Neste contexto, o Camões – Instituto da Cooperação e da Língua, I.P. é o instituto público responsável pela coordenação e articulação da política externa do governo nas áreas da cooperação internacional e da promoção da língua e cultura portuguesas e compete-lhe fomentar o ensino do português como língua de herança, não materna e estrangeira nos curricula e sistemas de ensino, designadamente em países com comunidades de língua portuguesa.
Neste sentido, o quadro atual de intervenção e o seguinte:
- Através do Camões, I.P, a língua portuguesa é ensinada em 76 países.
- Em 2023 a rede do ensino de Português no estrangeiro abrange 1.443 escolas e 72.726 alunos nos níveis de ensino pré-escolar, básico e secundário.
- O Camões, I.P. conta com 61 cátedras; 19 centros culturais; 53 leitorados; 83 centros de língua portuguesa; 307 protocolos com instituições de ensino em 76 países.
- O Camões, I.P, disponibiliza cursos online de português como língua estrangeira, que abrangem os níveis A1, A2, B1, B2 e C1 do Quadro Europeu Comum de Referência para as Línguas (QECR).
- O projeto Plano de Incentivo à Leitura tem os objetivos centrais de promover a criação de hábitos de leitura e divulgar autores e obras de literatura em língua portuguesa, sendo desenvolvido em duas linhas de atuação: (i) Envio pelo Camões, I.P., ou aquisição pelas coordenações de Ensino Português no Estrangeiro (EPE) de bibliotecas para os alunos do ensino básico e secundário da rede EPE e (ii) realização de atividades de leitura na rede EPE. Desde 2013, foram distribuídas 2395 bibliotecas pela rede EPE.

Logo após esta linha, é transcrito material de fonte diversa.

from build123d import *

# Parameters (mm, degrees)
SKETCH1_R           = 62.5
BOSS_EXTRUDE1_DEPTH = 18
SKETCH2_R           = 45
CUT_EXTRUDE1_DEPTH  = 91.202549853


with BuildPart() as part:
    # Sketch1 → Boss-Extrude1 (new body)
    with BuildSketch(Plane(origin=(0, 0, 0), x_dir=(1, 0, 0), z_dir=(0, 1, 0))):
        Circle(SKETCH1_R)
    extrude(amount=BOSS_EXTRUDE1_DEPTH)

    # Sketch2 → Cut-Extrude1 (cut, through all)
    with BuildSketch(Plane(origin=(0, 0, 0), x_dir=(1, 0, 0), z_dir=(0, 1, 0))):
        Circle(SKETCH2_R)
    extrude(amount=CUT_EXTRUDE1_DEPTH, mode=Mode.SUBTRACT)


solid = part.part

De referir ainda o desenvolvimento pelo Instituto Camões do programa “Digitalização do Ensino do Português no Estrangeiro” que tem como objetivo a criação de um ecossistema educativo digital de conteúdos, ferramentas, serviços, plataformas e equipamentos, que permitirá acelerar os processos pedagógicos, didáticos e comunicativos entre os alunos e professores da Rede.
Este programa constitui uma mudança muito significativa das condições de aprendizagem dos alunos, ao se apostar num processo de transformação pedagógica com criação de novos conteúdos e plataformas digitais que potenciam partilha e acesso a conteúdos digitais, dirigidos para alunos e professores do Ensino do Português no Estrangeiro.